Does anyone know about the Tango's drive arangement? It looks like two motors, each powering a wheel via a chain or belt. presumably there's a paralel-link suspension arangement as well. Does anyone have more info on it? Also, why does such a tiny car weigh 3000 lbs. and have such blistering performance? I know that they run a Zilla controller, but how do they get so much power from a relatively small array of lead-acid batteries?

Any thoughts?

http://www.evworld.com/images/rwoodbury_tango.jpg

http://cache.viewimages.com/xc/5727...7EC77F5F8D1CE039F0730BEEDF88CA40A659CEC4C8CB6

http://cache.viewimages.com/xc/5727...7EC77F5F8D1CEAD08200C83622BC2A40A659CEC4C8CB6


----------



## TX_Dj (Jul 25, 2008)

It's been many years now since I last corresponded with Rick, but it is my understanding that the Tango does, as you suggest, use two motors, each one driving a separate rear wheel. Also, as I recall, the two are separate, permitting a differential style action so the car can turn effectively without the suspension binding up.

The reason the Tango weighs so much is that there are over 2500 lbs of lead-acid batteries installed under the floorboard.

The reason the Tango accelerates so quickly is due to the dual motor design, gear ratio, and sheer amperage of the Zilla controller.

Hope this helps.


----------



## Kreb (Apr 30, 2008)

2500 lbs of batteries! The array doen't look that large. Wow. 

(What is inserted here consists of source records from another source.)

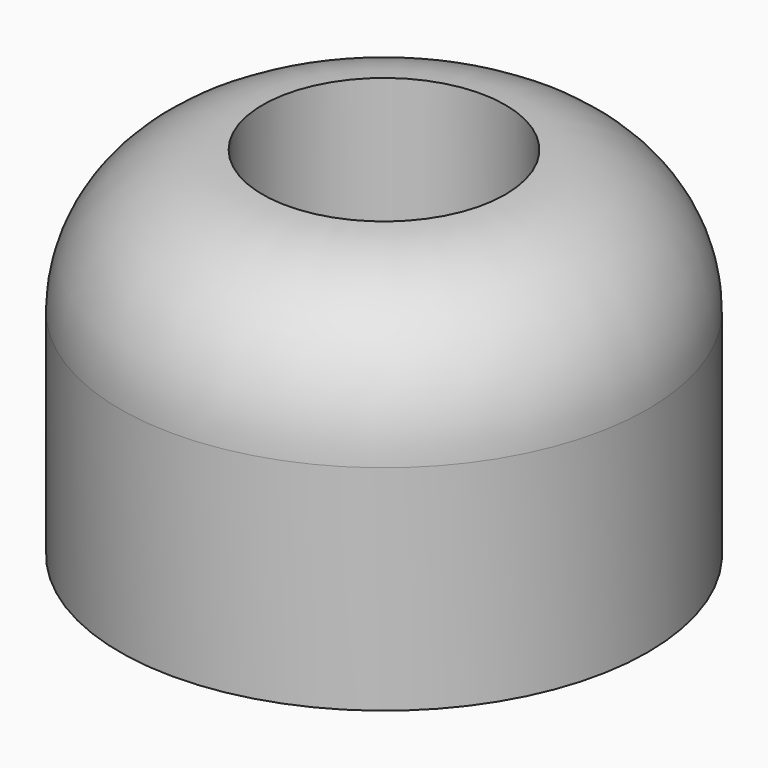
from build123d import *

# Parameters (mm, degrees)
F0_R         = 9.4039721792
F1_DEPTH     = 12.7
F5_R         = 5.08
F6_DEPTH     = 8.89
F7_TEXT_SIZE = 4.2004644961
F8_DEPTH     = 2.54


# Not quite as in the source:
# - the program builds the solid bodies; features that only make, move or delete a surface that nothing else refers to are left out
# - Text() gives the source's letters only with a copy of the font that has no kerning and outlines rounded to 1/6400 em; it was checked with that copy


with BuildPart() as f1:
    # F0 (on Top) → F1 (new body)
    with BuildSketch(Plane.XY):
        Circle(F0_R)
    extrude(amount=F1_DEPTH)

    # F5
    f5_edges = [f1.edges().sort_by_distance(p)[0] for p in [
        (-9.403972, 0, 12.7),
    ]]
    fillet(f5_edges, radius=F5_R)

    # F6 (cut): a face of the model
    f6_faces = [f1.faces().sort_by_distance(p)[0] for p in [
        (0, 0, 12.7),
    ]]
    extrude(f6_faces, amount=-F6_DEPTH, mode=Mode.SUBTRACT)

    # F7 (on face) → F8 (join)
    with BuildSketch(Plane.XY.offset(3.81)):
        with Locations((-3.8918603168, -1.5695564216)):
            Text('KRB', F7_TEXT_SIZE, font='Open Sans', text_align=(TextAlign.LEFT, TextAlign.BOTTOM))
    extrude(amount=F8_DEPTH)


solid = f1.part

It's an inherently efficient layout in many ways. The low cg makes it stable. The narrowness offsets the hight in terms of wind resistance. The length makes for superior parking capablities and less overall mass to move. His website says that they're doing a batch right now. Obviously not mass production, but I wish them the best. 

Do you know if they're belt, chain or gear drive?


----------



## TX_Dj (Jul 25, 2008)

Unfortunately that detail escapes me. I want to say gear, but I could be wrong. Belt wouldn't be a very good choice in that configuration, because belts stretch under torque. Chain is noisy and adds a lot of extra drag into the drivetrain (stuff like sprockets meshing with the side plates of the chain and such).

As I mentioned, my info on that car is outdated- but it was always my understanding that they were going to maintain the same weight of battery when they moved to more advanced battery technologies so that the weight and balance of the car remained the same and so the cornering ability (center of gravity) remained stable. 2500 lbs of LiFePO batteries in that little thing would equate to a lot of range.


----------